Opponents of the federal rules are utilizing religion as a sword to impose their own religiosity on others much moreso than as a protective shield. Indeed, some objectors to the rule have even been advocates for new federal laws that would allow individuals to object to otherwise medically mandated care on grounds of religious conscientiousness.
This approach is perilous, as Nicholas Kristof suggested in Saturday’s New York Times: “Do we really want to make accommodations across the range of faith? What if organizations affiliated with Jehovah’s Witnesses insisted on health insurance that did not cover blood transfusions? What if ultraconservative Muslim or Jewish organizations objected to health care except at sex-segregated clinics?”

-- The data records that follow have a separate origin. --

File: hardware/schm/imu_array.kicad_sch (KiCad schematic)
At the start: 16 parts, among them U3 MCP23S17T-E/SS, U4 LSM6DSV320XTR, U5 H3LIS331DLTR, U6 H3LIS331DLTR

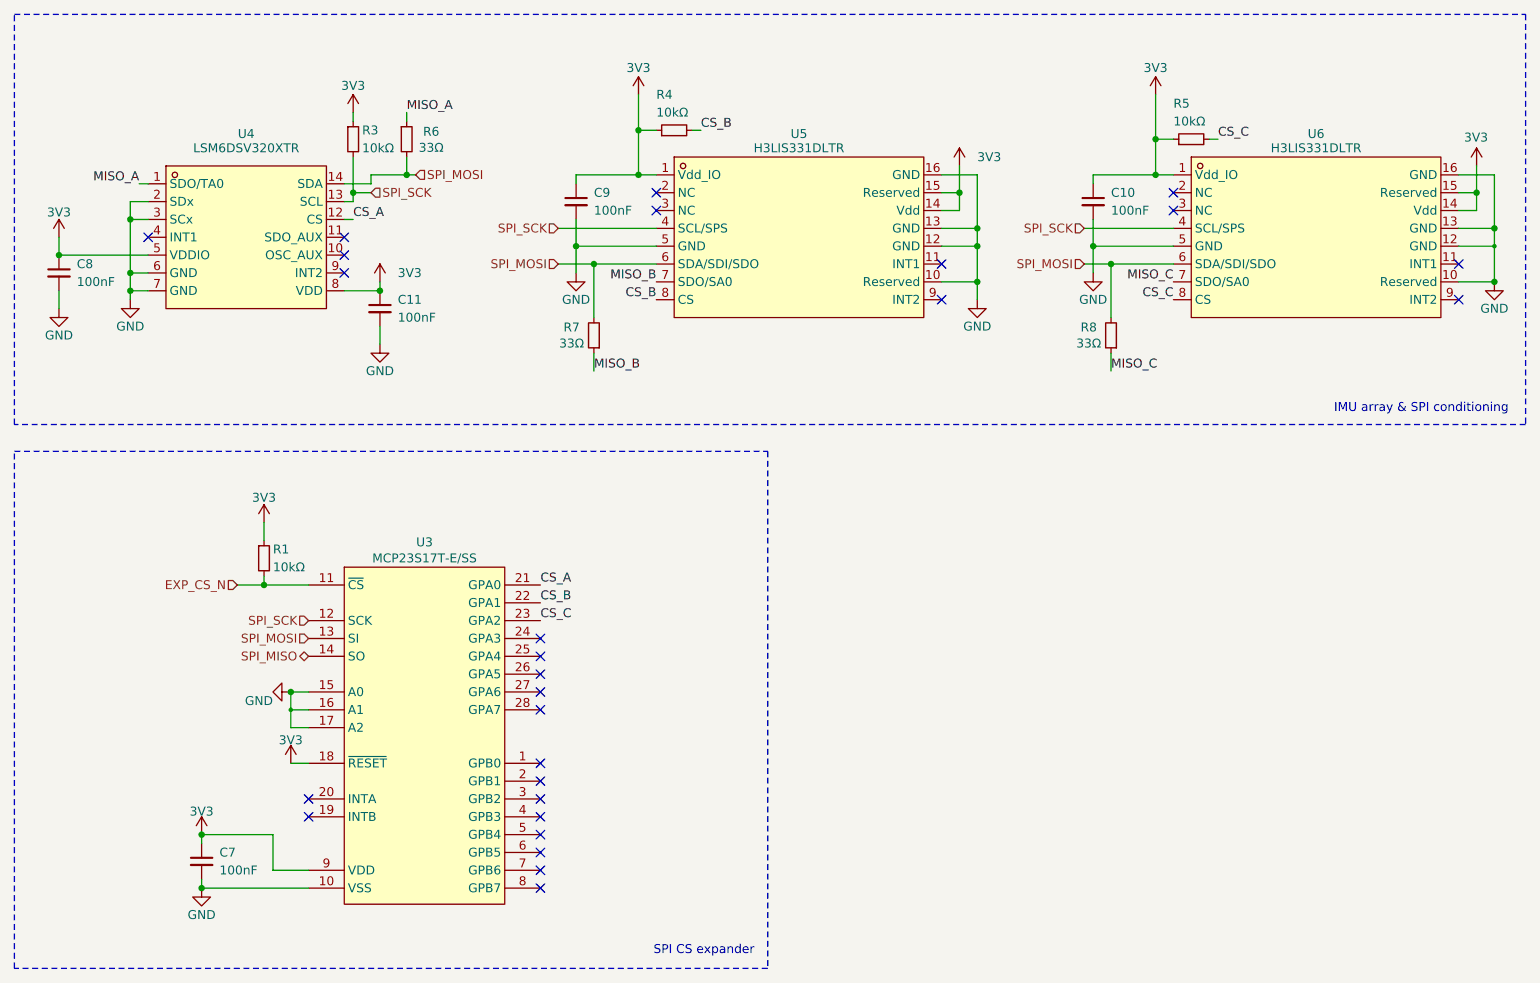
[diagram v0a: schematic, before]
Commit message: feat: swap to the 74HC595 for cs expansion
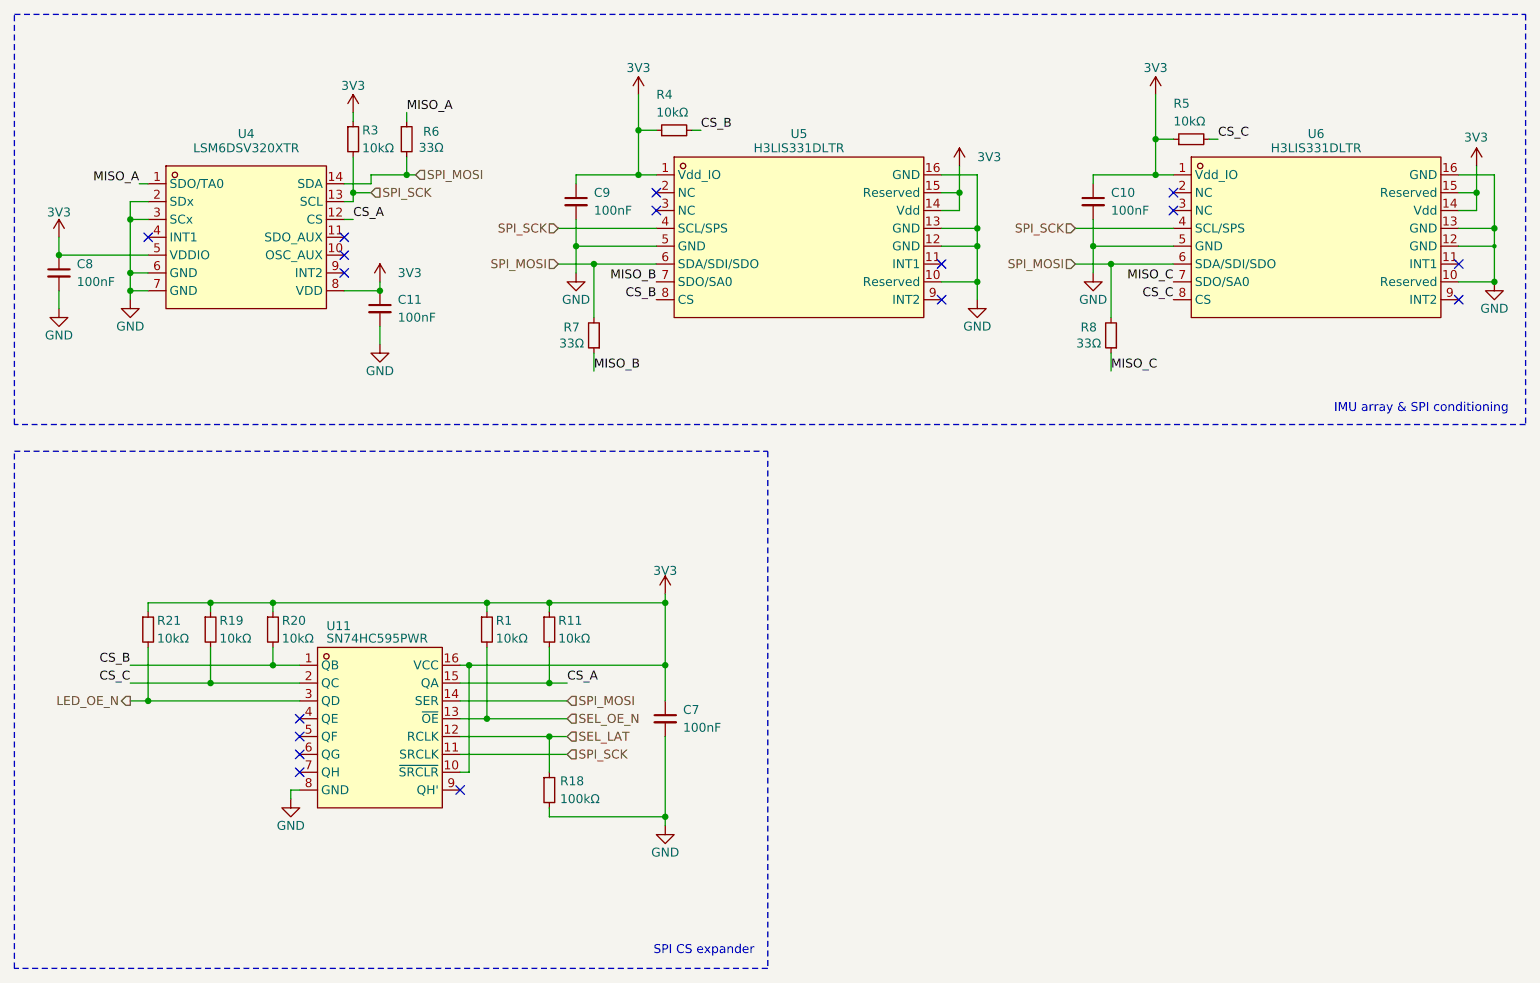
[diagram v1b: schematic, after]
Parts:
- removed U3: MCP23S17T-E/SS, Library:SSOP-28_L10.2-W5.3-P0.65-LS7.8-BL, symbol Library:MCP23S17T-E_SS
- added R11, R19, R20, R21: 10kΩ, Resistor_SMD:R_0402_1005Metric, symbol Device:R_Small
- added R18: 100kΩ, Resistor_SMD:R_0402_1005Metric, symbol Device:R_Small
- added U11: SN74HC595PWR, Device:TSSOP-16_L5.0-W4.4-P0.65-LS6.4-BL, symbol Device:SN74HC595PWR
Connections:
- net 3V3: now also R11.1, R19.1, R20.1, R21.1, U11.10 (~{SRCLR}), U11.16 (VCC)
- net CS_A: now also R11.2, U11.15 (QA)
- net CS_B: now also R20.2, U11.1 (QB)
- net CS_C: now also R19.2, U11.2 (QC)
- net GND: now also R18.2, U11.8 (GND)
- net SPI_MOSI: now also U11.14 (SER)
- net SPI_SCK: now also U11.11 (SRCLK)
- net EXP_CS_N renamed SEL_OE_N
- net SEL_OE_N: now also U11.13 (~{OE})
- new net LED_OE_N: R21.2, U11.3 (QD)
- new net SEL_LAT: R18.1, U11.12 (RCLK)
- no-connect marks 27 -> 17
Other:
- moved on the sheet: C7, R1

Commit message: feat: add bom placement
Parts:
- C10, C11, C7, C8, C9: LCSC Part NONE -> C169834
- R1, R11, R19, R20, R21, R3, R4, R5: LCSC Part NONE -> C844715
- R18: LCSC Part NONE -> C2077080
- R6, R7, R8: LCSC Part NONE -> C3008986
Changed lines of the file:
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@@
 			)
 		)
-		(property "LCSC Part" "NONE"
+		(property "LCSC Part" "C844715"
 			(at 25.4 -91.44 0)
 			(hide yes)
@@
 			)
 		)
-		(property "LCSC Part" "NONE"
+		(property "LCSC Part" "C3008986"
 			(at -53.34 218.44 0)
 			(hide yes)
@@
 			)
 		)
-		(property "LCSC Part" "NONE"
+		(property "LCSC Part" "C844715"
 			(at -233.68 54.61 0)
 			(hide yes)
@@
 			)
 		)
-		(property "LCSC Part" "NONE"
+		(property "LCSC Part" "C844715"
 			(at -15.24 140.97 0)
 			(hide yes)
@@
 			)
 		)
-		(property "LCSC Part" "NONE"
+		(property "LCSC Part" "C844715"
 			(at -251.46 54.61 0)
 			(hide yes)
@@
 			)
 		)
-		(property "LCSC Part" "NONE"
+		(property "LCSC Part" "C3008986"
 			(at 222.25 -54.61 0)
 			(hide yes)
@@
 			)
 		)
-		(property "LCSC Part" "NONE"
+		(property "LCSC Part" "C2077080"
 			(at -194.31 77.47 0)
 			(hide yes)
@@
 			)
 		)
-		(property "LCSC Part" "NONE"
+		(property "LCSC Part" "C169834"
 			(at -2.54 -76.2 0)
 			(hide yes)
@@
 			)
 		)
-		(property "LCSC Part" "NONE"
+		(property "LCSC Part" "C844715"
 			(at -242.57 54.61 0)
 			(hide yes)
@@
 			)
 		)
-		(property "LCSC Part" "NONE"
+		(property "LCSC Part" "C169834"
 			(at -8.89 -66.04 0)
 			(hide yes)
@@
 			)
 		)
-		(property "LCSC Part" "NONE"
+		(property "LCSC Part" "C169834"
 			(at -170.18 82.55 0)
 			(hide yes)
@@
 			)
 		)
-		(property "LCSC Part" "NONE"
+		(property "LCSC Part" "C844715"
 			(at -194.31 54.61 0)
 			(hide yes)
@@
 			)
 		)
-		(property "LCSC Part" "NONE"
+		(property "LCSC Part" "C169834"
 			(at -6.35 -76.2 0)
 			(hide yes)
@@
 			)
 		)
-		(property "LCSC Part" "NONE"
+		(property "LCSC Part" "C844715"
 			(at -203.2 54.61 0)
 			(hide yes)
@@
 			)
 		)
-		(property "LCSC Part" "NONE"
+		(property "LCSC Part" "C844715"
 			(at 58.42 212.09 0)
 			(hide yes)
@@
 			)
 		)
-		(property "LCSC Part" "NONE"
+		(property "LCSC Part" "C169834"
 			(at 36.83 -218.12 0)
 			(hide yes)
@@
 			)
 		)
-		(property "LCSC Part" "NONE"
+		(property "LCSC Part" "C3008986"
 			(at 20.32 288.29 0)
 			(hide yes)

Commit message: feat: add pulldown resister and note mode 0
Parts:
- added R22: 100kΩ, Resistor_SMD:R_0402_1005Metric, symbol Device:R_Small
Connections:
- net GND: now also R22.2
- net SPI_SCK: now also R22.1
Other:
- note added: "SPI pulldown"
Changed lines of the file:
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@@
 		)
 	)
+	(rectangle
+		(start 126.365 77.47)
+		(end 230.505 117.475)
+		(stroke
+			(width 0.1)
+			(type dash)
+		)
+		(fill
+			(type none)
+		)
+	)
+	(text "SPI pulldown"
+		(exclude_from_sim no)
+		(at 229.616 116.078 0)
+		(effects
+			(font
+				(size 1.27 1.27)
+			)
+			(justify right bottom)
+		)
+	)
 	(text "SPI CS expander"
 		(exclude_from_sim no)
@@
 	(wire
 		(pts
+			(xy 146.05 96.52) (xy 146.05 91.44)
+		)
+		(stroke
+			(width 0)
+			(type default)
+		)
+	)
+	(wire
+		(pts
 			(xy 31.75 107.95) (xy 52.07 107.95)
 		)
@@
 	(wire
 		(pts
+			(xy 146.05 101.6) (xy 146.05 104.14)
+		)
+		(stroke
+			(width 0)
+			(type default)
+		)
+	)
+	(wire
+		(pts
 			(xy 67.31 54.61) (xy 62.23 54.61)
 		)
@@
 	(hierarchical_label "SPI_SCK"
 		(shape input)
+		(at 146.05 91.44 180)
+		(effects
+			(font
+				(size 1.27 1.27)
+			)
+			(justify right)
+		)
+	)
+	(hierarchical_label "SPI_SCK"
+		(shape input)
 		(at 93.98 120.65 0)
 		(effects
@@
 	)
 	(symbol
+		(lib_id "power:GND")
+		(at 146.05 104.14 0)
+		(unit 1)
+		(body_style 1)
+		(exclude_from_sim no)
+		(in_bom yes)
+		(on_board yes)
+		(in_pos_files yes)
+		(dnp no)
+		(fields_autoplaced yes)
+		(property "Reference" "#PWR030"
+			(at 146.05 106.68 0)
+			(hide yes)
+			(show_name no)
+			(do_not_autoplace no)
+			(effects
+				(font
+					(size 1.27 1.27)
+				)
+			)
+		)
+		(property "Value" "GND"
+			(at 146.05 107.95 0)
+			(show_name no)
+			(do_not_autoplace no)
+			(effects
+				(font
+					(size 1.27 1.27)
+				)
+			)
+		)
+		(property "Footprint" ""
+			(at 146.05 104.14 0)
+			(show_name no)
+			(do_not_autoplace no)
+			(effects
+				(font
+					(size 1.27 1.27)
+				)
+			)
+		)
+		(property "Datasheet" "~"
+			(at 146.05 104.14 0)
+			(hide yes)
+			(show_name no)
+			(do_not_autoplace no)
+			(effects
+				(font
+					(size 1.27 1.27)
+				)
+			)
+		)
+		(property "Description" ""
+			(at 146.05 104.14 0)
+			(show_name no)
+			(do_not_autoplace no)
+			(effects
+				(font
+					(size 1.27 1.27)
+				)
+			)
+		)
+		(pin "1"
+		)
+		(instances
+			(project "circuit"
+				(path "/5ff26309-9be7-4732-9683-b5a799424d79/9e7afb3e-f6d0-4714-a3a9-7f1e1c051738"
+					(reference "#PWR030")
+					(unit 1)
+				)
+			)
+		)
+	)
+	(symbol
 		(lib_id "Device:R_Small")
 		(at 97.79 60.96 180)
@@
 					(unit 1)
 				)
+			)
+		)
+	)
+	(symbol
+		(lib_id "Device:R_Small")
+		(at 146.05 99.06 0)
+		(unit 1)
+		(body_style 1)
+		(exclude_from_sim no)
+		(in_bom yes)
+		(on_board yes)
+		(in_pos_files yes)
+		(dnp no)
+		(property "Reference" "R22"
+			(at 147.574 97.79 0)
+			(show_name no)
+			(do_not_autoplace no)
+			(effects
+				(font
+					(size 1.27 1.27)
+				)
+				(justify left)
+			)
+		)
+		(property "Value" "100kΩ"
+			(at 147.574 100.33 0)
+			(show_name no)
+			(do_not_autoplace no)
+			(effects
+				(font
+					(size 1.27 1.27)
+				)
+				(justify left)
+			)
+		)
+		(property "Footprint" "Resistor_SMD:R_0402_1005Metric"
+			(at 146.05 99.06 0)
+			(hide yes)
+			(show_name no)
+			(do_not_autoplace no)
+			(effects
+				(font
+					(size 1.27 1.27)
+				)
+			)
+		)
+		(property "Datasheet" "~"
+			(at 146.05 99.06 0)
+			(hide yes)
+			(show_name no)
+			(do_not_autoplace no)
+			(effects
+				(font
+					(size 1.27 1.27)
+				)
+			)
+		)
+		(property "Description" ""
+			(at 146.05 99.06 0)
+			(show_name no)
+			(do_not_autoplace no)
+			(effects
+				(font
+					(size 1.27 1.27)
+				)
+			)
+		)
+		(property "LCSC Part" "C2077080"
+			(at -139.7 50.8 0)
+			(hide yes)
+			(show_name no)
+			(do_not_autoplace no)
+			(effects
+				(font
+					(size 1.27 1.27)
+				)
+			)
+		)
+		(pin "1"
+		)
+		(pin "2"
+		)
+		(instances
+			(project "circuit"
+				(path "/5ff26309-9be7-4732-9683-b5a799424d79/9e7afb3e-f6d0-4714-a3a9-7f1e1c051738"
+					(reference "R22")
+					(unit 1)
+				)

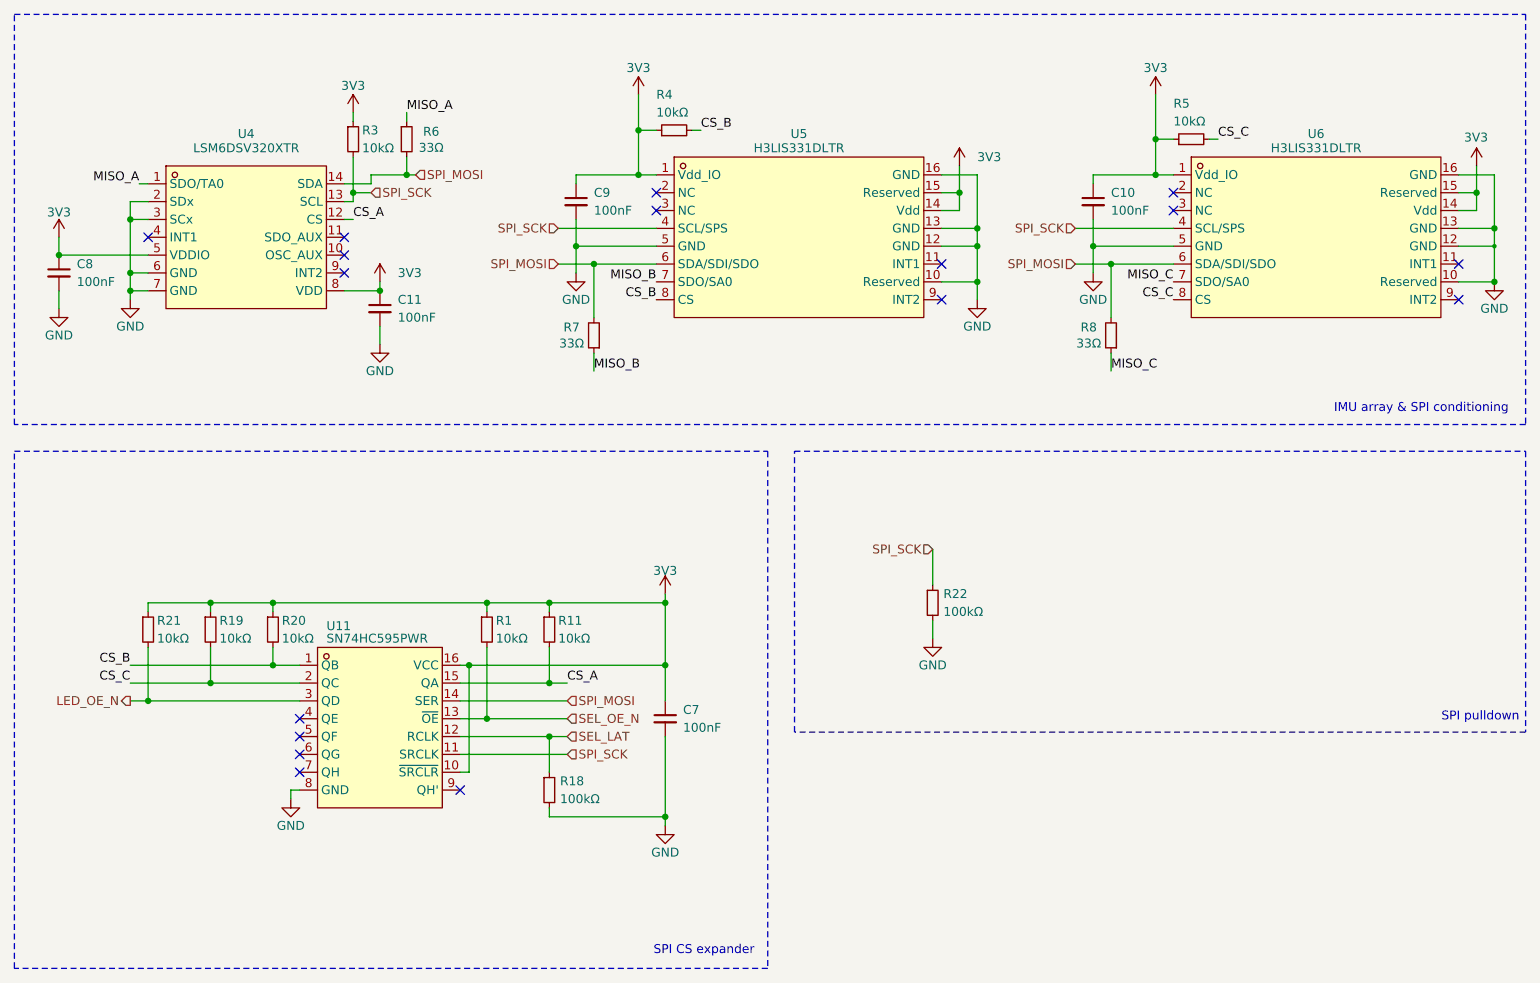
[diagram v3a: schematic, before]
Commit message: feat: review from tyler + align circuit.py
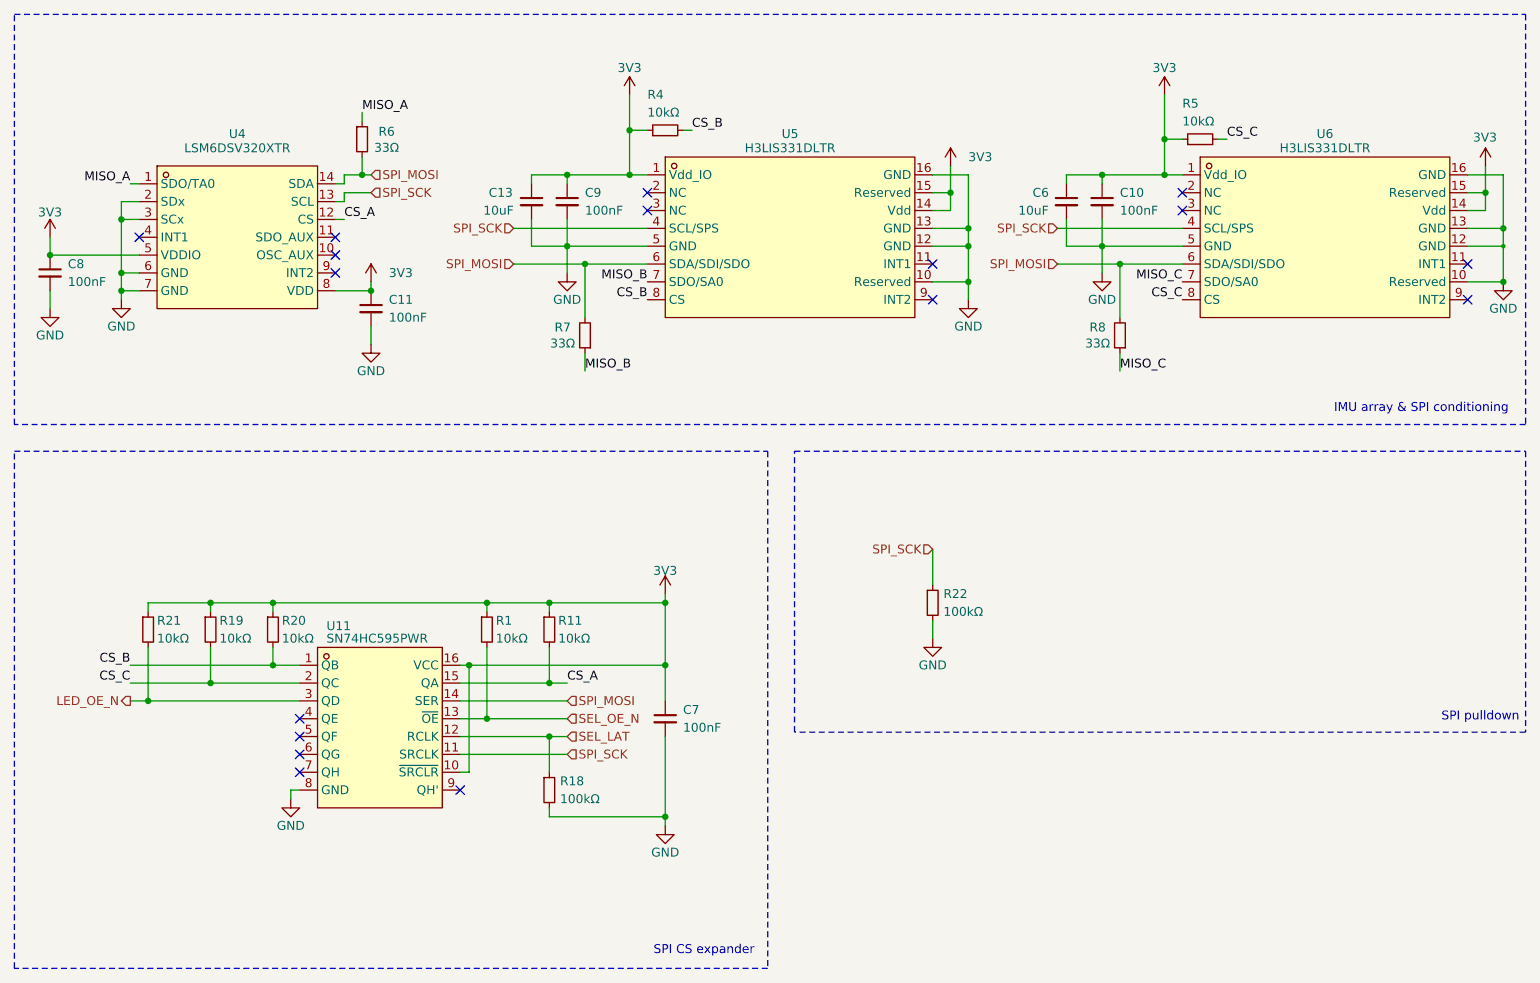
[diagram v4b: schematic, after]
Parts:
- removed R3: 10kΩ, Resistor_SMD:R_0402_1005Metric, symbol Device:R_Small
- added C13, C6: 10uF, Capacitor_SMD:C_0603_1608Metric, symbol Device:C_Small
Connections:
- net 3V3: now also C13.1, C6.1
- net GND: now also C13.2, C6.2
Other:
- moved on the sheet: C10, C11, C8, C9, R4, R5, R6, R7, R8, U4, U5, U6

Religious dogma does not and cannot always trump public policy, as authorities no less than the United States Supreme Court have stated. Effective policy is typically a response to actual societal practices, and Guttmacher’s studies show that despite church mandates to the contrary, close to 100 percent of American women who had recently engaged in sex (including Catholics) utilized birth control. While this data does not undercut the right of an institution to advocate its own belief system, neither does it make a persuasive case to trump a health care rule that applies to practices well outside a religion’s core practices.
Some voices in the Jewish community have objected to the rules as an unwarranted intrusion into religious groups’ belief systems. We disagree. We believe the exemptions for purely religious practices are sound, and we believe that making contraception universally available and affordable is a sound public policy decision. The compromise rule in particular demonstrates respect for religious belief and institutions, while taking a significant step in favor of reproductive rights and health.